Word for word, repeat the data that follows. Do not include the pictures.

* **Provided information**
===

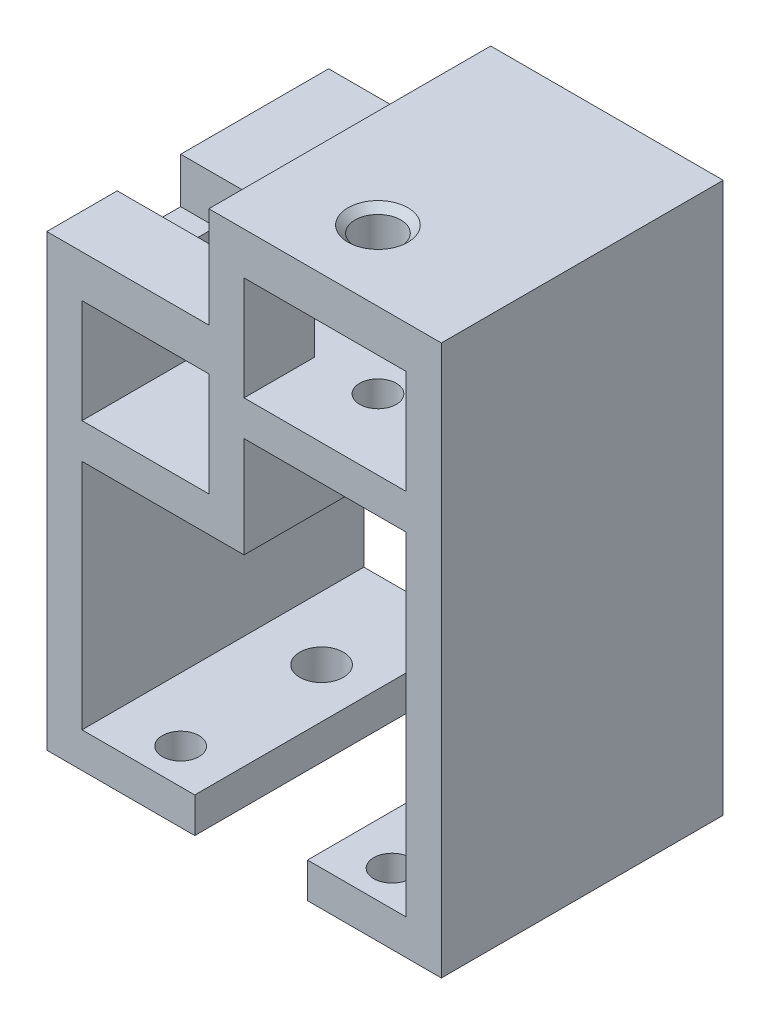
SolidWorks part; units mm, degrees
material "PET"
ref_plane "Front Plane" through (0, 0, 0) normal (0, 0, 1) x (1, 0, 0)
ref_plane "Top Plane" through (0, 0, 0) normal (0, 1, 0) x (1, 0, 0)
ref_plane "Right Plane" through (0, 0, 0) normal (1, 0, 0) x (0, 0, -1)
sketch "Sketch1" plane through (0, 0, 0) normal (0, 0, 1) x (1, 0, 0)
  line L0 (0, 0) -> (0, 63.75)
  line L1 (23, 78.05) -> (56, 78.05)
  line L2 (56, 78.05) -> (56, 0)
  line L3 (56, 0) -> (37, 0)
  line L4 (5, 5) -> (5, 38)
  line L6 (51, 72.05) -> (51, 57.3)
  line L7 (0, 63.75) -> (23, 63.75)
  line L9 (23, 57.75) -> (5, 57.75)
  line L10 (5, 43) -> (23, 43)
  line L11 (5, 5) -> (21, 5)
  line L12 (28, 38) -> (5, 38)
  line L13 (51, 57.3) -> (28, 57.3)
  line L14 (5, 43) -> (5, 57.75)
  line L15 (28, 52.3) -> (51, 52.3)
  line L17 (21, 5) -> (21, 0)
  line L18 (51, 52.3) -> (51, 5)
  line L19 (51, 5) -> (37, 5)
  line L20 (23, 63.75) -> (23, 57.75) construction
  line L21 (28, 57.3) -> (28, 72.05)
  line L22 (23, 63.75) -> (23, 78.05)
  line L23 (28, 72.05) -> (51, 72.05)
  line L24 (28, 52.3) -> (28, 38)
  line L25 (23, 57.75) -> (23, 43)
  line L26 (37, 5) -> (37, 0)
  line L27 (21, 0) -> (0, 0)
  point P20 (14, 43)
  point P22 (37, 57.3)
  dimension "D2" = 5
  dimension "D3" = 5
  dimension "D4" = 6
  dimension "D5" = 14.75
  dimension "D6" = 43
  dimension "D7" = 57.3
  dimension "D8" = 14.75
  dimension "D9" = 23
  dimension "D10" = 5
  dimension "D11" = 5
  dimension "D12" = 23
  dimension "D13" = 18
  dimension "D14" = 5
  dimension "D15" = 6
  dimension "D16" = 5
  dimension "D17" = 16
  dimension "D18" = 14
  dimension "D19" = 9
extrude "Boss-Extrude1" add sketch "Sketch1" along normal blind 40 contours L22 L7 L0 L3 L4 L12 L10 L14 L9 L15 L18 L2 L1 L21 L23 L6 L13 region at (0.9606, 31.875, 0)
sketch "Sketch2" plane through (0, 78.05, 0) normal (0, 1, 0) x (1, 0, 0)
  line L0 (23, -40) -> (56, -40) construction
  line L1 (56, -40) -> (56, 0) construction
  line L3 (0, 0) -> (23, 0) construction
  circle A0 centre (14, -15) radius 2.6
  circle A1 centre (37, -30) radius 2.6
  dimension "D1" = 23
  dimension "D2" = 5.2
  dimension "D3" = 5.2
  dimension "D4" = 19
  dimension "D5" = 10
  dimension "D6" = 15
extrude "Cut-Extrude1" cut sketch "Sketch2" against normal up to surface (40.05 mm away) up to face at (16.5, 38, 20)
sketch "Sketch3" plane through (28, 0, 0) normal (1, 0, 0) x (0, 0, -1)
  line L1 (-21, 72.05) -> (-30, 72.05)
  line L2 (-21, 72.05) -> (-21, 57.3)
  line L3 (-21, 57.3) -> (-30, 57.3)
  line L4 (-30, 72.05) -> (-30, 57.3)
  line L5 (0, 78.05) -> (0, 0) construction
  line L6 (-40, 72.05) -> (0, 72.05) construction
  dimension "D2" = 21
  dimension "D3" = 14.75
  dimension "D4" = 9
extrude "Cut-Extrude2" cut sketch "Sketch3" against normal up to next
sketch "Sketch4" plane through (5, 0, 0) normal (1, 0, 0) x (0, 0, -1)
  line L2 (-5, 43) -> (-5, 57.75)
  line L3 (-5, 57.75) -> (-15, 57.75)
  line L4 (-15, 43) -> (-15, 57.75)
  line L5 (0, 78.05) -> (0, 0) construction
  line L6 (-5, 43) -> (-15, 43)
  line L7 (-40, 43) -> (0, 43) construction
  dimension "D1" = 5
  dimension "D2" = 10
  dimension "D3" = 14.75
extrude "Cut-Extrude3" cut sketch "Sketch4" against normal through all
sketch "Sketch6" plane through (0, 78.05, 0) normal (0, 1, 0) x (1, 0, 0)
  circle A0 centre (14, -15) radius 3.25
  circle A1 centre (37, -30) radius 3.25
  dimension "D1" = 6.5
  dimension "D2" = 6.5
extrude "Cut-Extrude4" cut sketch "Sketch6" against normal up to next
ref_axis "Axis1" through (37, 72.05, 30) along (0, 1, 0)
ref_plane "Plane1" through (37, 0, 0) normal (1, 0, 0) x (0, 0, -1)
chamfer "Chamfer1" distance 1 angle 45 2 edges at (37, 78.05, 33.25) (14, 63.75, 18.25)
sketch "Sketch7" plane through (0, 0, 0) normal (0, -1, 0) x (1, 0, 0)
  line L0 (14, 40) -> (14, 0) construction
  line L1 (21, 40) -> (0, 40) construction
  line L2 (21, 0) -> (0, 0) construction
  line L3 (44, 40) -> (44, 0) construction
  line L4 (56, 40) -> (37, 40) construction
  line L5 (0, 40) -> (0, 0) construction
  line L6 (56, 40) -> (56, 0) construction
  line L7 (0, 15) -> (56, 15) construction
  line L8 (0, 35) -> (56, 35) construction
  circle A0 centre (14, 35) radius 2.6
  circle A1 centre (44, 35) radius 2.6
  circle A2 centre (14, 15) radius 3.1
  circle A3 centre (44, 15) radius 3.1
  dimension "D5" = 5.2
  dimension "D6" = 6.2
  dimension "D7" = 5.2
  dimension "D8" = 6.2
  dimension "D1" = 14
  dimension "D2" = 12
  dimension "D3" = 15
  dimension "D4" = 5
extrude "Cut-Extrude5" cut sketch "Sketch7" against normal up to next

===

* **Task answer**
SolidWorks part; units mm, degrees
material "PET"
ref_plane "Front Plane" through (0, 0, 0) normal (0, 0, 1) x (1, 0, 0)
ref_plane "Top Plane" through (0, 0, 0) normal (0, 1, 0) x (1, 0, 0)
ref_plane "Right Plane" through (0, 0, 0) normal (1, 0, 0) x (0, 0, -1)
sketch "Sketch1" plane through (0, 0, 0) normal (0, 0, 1) x (1, 0, 0)
  line L0 (0, 0) -> (0, 63.75)
  line L1 (23, 78.05) -> (56, 78.05)
  line L2 (56, 78.05) -> (56, 0)
  line L3 (56, 0) -> (37, 0)
  line L4 (5, 5) -> (5, 38)
  line L6 (51, 72.05) -> (51, 57.3)
  line L7 (0, 63.75) -> (23, 63.75)
  line L9 (23, 57.75) -> (5, 57.75)
  line L10 (5, 43) -> (23, 43)
  line L11 (5, 5) -> (21, 5)
  line L12 (28, 38) -> (5, 38)
  line L13 (51, 57.3) -> (28, 57.3)
  line L14 (5, 43) -> (5, 57.75)
  line L15 (28, 52.3) -> (51, 52.3)
  line L17 (21, 5) -> (21, 0)
  line L18 (51, 52.3) -> (51, 5)
  line L19 (51, 5) -> (37, 5)
  line L20 (23, 63.75) -> (23, 57.75) construction
  line L21 (28, 57.3) -> (28, 72.05)
  line L22 (23, 63.75) -> (23, 78.05)
  line L23 (28, 72.05) -> (51, 72.05)
  line L24 (28, 52.3) -> (28, 38)
  line L25 (23, 57.75) -> (23, 43)
  line L26 (37, 5) -> (37, 0)
  line L27 (21, 0) -> (0, 0)
  point P20 (14, 43)
  point P22 (37, 57.3)
  dimension "D2" = 5
  dimension "D3" = 5
  dimension "D4" = 6
  dimension "D5" = 14.75
  dimension "D6" = 43
  dimension "D7" = 57.3
  dimension "D8" = 14.75
  dimension "D9" = 23
  dimension "D10" = 5
  dimension "D11" = 5
  dimension "D12" = 23
  dimension "D13" = 18
  dimension "D14" = 5
  dimension "D15" = 6
  dimension "D16" = 5
  dimension "D17" = 16
  dimension "D18" = 14
  dimension "D19" = 9
extrude "Boss-Extrude1" add sketch "Sketch1" along normal blind 40 contours L22 L7 L0 L3 L4 L12 L10 L14 L9 L15 L18 L2 L1 L21 L23 L6 L13 region at (0.9606, 31.875, 0)
sketch "Sketch2" plane through (0, 78.05, 0) normal (0, 1, 0) x (1, 0, 0)
  line L0 (23, -40) -> (56, -40) construction
  line L1 (56, -40) -> (56, 0) construction
  line L3 (0, 0) -> (23, 0) construction
  circle A0 centre (14, -15) radius 2.6
  circle A1 centre (37, -30) radius 2.6
  dimension "D1" = 23
  dimension "D2" = 5.2
  dimension "D3" = 5.2
  dimension "D4" = 19
  dimension "D5" = 10
  dimension "D6" = 15
extrude "Cut-Extrude1" cut sketch "Sketch2" against normal up to surface (40.05 mm away) up to face at (16.5, 38, 20)
sketch "Sketch3" plane through (28, 0, 0) normal (1, 0, 0) x (0, 0, -1)
  line L1 (-21, 72.05) -> (-30, 72.05)
  line L2 (-21, 72.05) -> (-21, 57.3)
  line L3 (-21, 57.3) -> (-30, 57.3)
  line L4 (-30, 72.05) -> (-30, 57.3)
  line L5 (0, 78.05) -> (0, 0) construction
  line L6 (-40, 72.05) -> (0, 72.05) construction
  dimension "D2" = 21
  dimension "D3" = 14.75
  dimension "D4" = 9
extrude "Cut-Extrude2" cut sketch "Sketch3" against normal up to next
sketch "Sketch4" plane through (5, 0, 0) normal (1, 0, 0) x (0, 0, -1)
  line L2 (-5, 43) -> (-5, 57.75)
  line L3 (-5, 57.75) -> (-15, 57.75)
  line L4 (-15, 43) -> (-15, 57.75)
  line L5 (0, 78.05) -> (0, 0) construction
  line L6 (-5, 43) -> (-15, 43)
  line L7 (-40, 43) -> (0, 43) construction
  dimension "D1" = 5
  dimension "D2" = 10
  dimension "D3" = 14.75
extrude "Cut-Extrude3" cut sketch "Sketch4" against normal through all
sketch "Sketch6" plane through (0, 78.05, 0) normal (0, 1, 0) x (1, 0, 0)
  circle A0 centre (14, -15) radius 3.25
  circle A1 centre (37, -30) radius 3.25
  dimension "D1" = 6.5
  dimension "D2" = 6.5
extrude "Cut-Extrude4" cut sketch "Sketch6" against normal up to next
ref_axis "Axis1" through (37, 72.05, 30) along (0, 1, 0)
ref_plane "Plane1" through (37, 0, 0) normal (1, 0, 0) x (0, 0, -1)
chamfer "Chamfer1" distance 1 angle 45 2 edges at (37, 78.05, 33.25) (14, 63.75, 18.25)
sketch "Sketch7" plane through (0, 0, 0) normal (0, -1, 0) x (1, 0, 0)
  line L0 (14, 40) -> (14, 0) construction
  line L1 (21, 40) -> (0, 40) construction
  line L2 (21, 0) -> (0, 0) construction
  line L3 (44, 40) -> (44, 0) construction
  line L4 (56, 40) -> (37, 40) construction
  line L5 (0, 40) -> (0, 0) construction
  line L6 (56, 40) -> (56, 0) construction
  line L7 (0, 15) -> (56, 15) construction
  line L8 (0, 35) -> (56, 35) construction
  circle A0 centre (14, 35) radius 2.6
  circle A1 centre (44, 35) radius 2.6
  circle A2 centre (14, 15) radius 3.1
  circle A3 centre (44, 15) radius 3.1
  dimension "D5" = 5.2
  dimension "D6" = 6.2
  dimension "D7" = 5.2
  dimension "D8" = 6.2
  dimension "D1" = 14
  dimension "D2" = 12
  dimension "D3" = 15
  dimension "D4" = 5
extrude "Cut-Extrude5" cut sketch "Sketch7" against normal up to next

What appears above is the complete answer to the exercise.